- **Work to complete**
Write each entry down again precisely, skipping nothing.

- **Records supplied**
• • • • •
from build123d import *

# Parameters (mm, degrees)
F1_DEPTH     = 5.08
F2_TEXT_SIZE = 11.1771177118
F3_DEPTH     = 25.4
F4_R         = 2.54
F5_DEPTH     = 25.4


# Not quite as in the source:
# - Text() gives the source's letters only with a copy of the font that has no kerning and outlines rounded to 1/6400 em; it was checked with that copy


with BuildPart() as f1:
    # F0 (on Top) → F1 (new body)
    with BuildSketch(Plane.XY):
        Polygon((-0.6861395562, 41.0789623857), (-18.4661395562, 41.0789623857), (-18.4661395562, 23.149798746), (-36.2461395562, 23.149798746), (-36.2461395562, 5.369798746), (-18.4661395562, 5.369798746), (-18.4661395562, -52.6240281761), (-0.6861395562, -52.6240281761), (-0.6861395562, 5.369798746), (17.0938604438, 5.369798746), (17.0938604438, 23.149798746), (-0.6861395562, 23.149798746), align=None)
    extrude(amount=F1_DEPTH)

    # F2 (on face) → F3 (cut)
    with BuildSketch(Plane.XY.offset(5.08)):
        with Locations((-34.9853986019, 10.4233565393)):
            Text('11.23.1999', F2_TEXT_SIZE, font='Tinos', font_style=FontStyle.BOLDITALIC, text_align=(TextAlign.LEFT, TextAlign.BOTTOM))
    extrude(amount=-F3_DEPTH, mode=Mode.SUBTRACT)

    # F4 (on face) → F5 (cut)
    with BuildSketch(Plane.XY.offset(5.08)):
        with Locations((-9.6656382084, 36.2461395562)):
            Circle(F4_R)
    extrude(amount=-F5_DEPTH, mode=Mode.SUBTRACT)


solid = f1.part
• • • • •
- **Your response**
from build123d import *

# Parameters (mm, degrees)
F1_DEPTH     = 5.08
F2_TEXT_SIZE = 11.1771177118
F3_DEPTH     = 25.4
F4_R         = 2.54
F5_DEPTH     = 25.4


# Not quite as in the source:
# - Text() gives the source's letters only with a copy of the font that has no kerning and outlines rounded to 1/6400 em; it was checked with that copy


with BuildPart() as f1:
    # F0 (on Top) → F1 (new body)
    with BuildSketch(Plane.XY):
        Polygon((-0.6861395562, 41.0789623857), (-18.4661395562, 41.0789623857), (-18.4661395562, 23.149798746), (-36.2461395562, 23.149798746), (-36.2461395562, 5.369798746), (-18.4661395562, 5.369798746), (-18.4661395562, -52.6240281761), (-0.6861395562, -52.6240281761), (-0.6861395562, 5.369798746), (17.0938604438, 5.369798746), (17.0938604438, 23.149798746), (-0.6861395562, 23.149798746), align=None)
    extrude(amount=F1_DEPTH)

    # F2 (on face) → F3 (cut)
    with BuildSketch(Plane.XY.offset(5.08)):
        with Locations((-34.9853986019, 10.4233565393)):
            Text('11.23.1999', F2_TEXT_SIZE, font='Tinos', font_style=FontStyle.BOLDITALIC, text_align=(TextAlign.LEFT, TextAlign.BOTTOM))
    extrude(amount=-F3_DEPTH, mode=Mode.SUBTRACT)

    # F4 (on face) → F5 (cut)
    with BuildSketch(Plane.XY.offset(5.08)):
        with Locations((-9.6656382084, 36.2461395562)):
            Circle(F4_R)
    extrude(amount=-F5_DEPTH, mode=Mode.SUBTRACT)


solid = f1.part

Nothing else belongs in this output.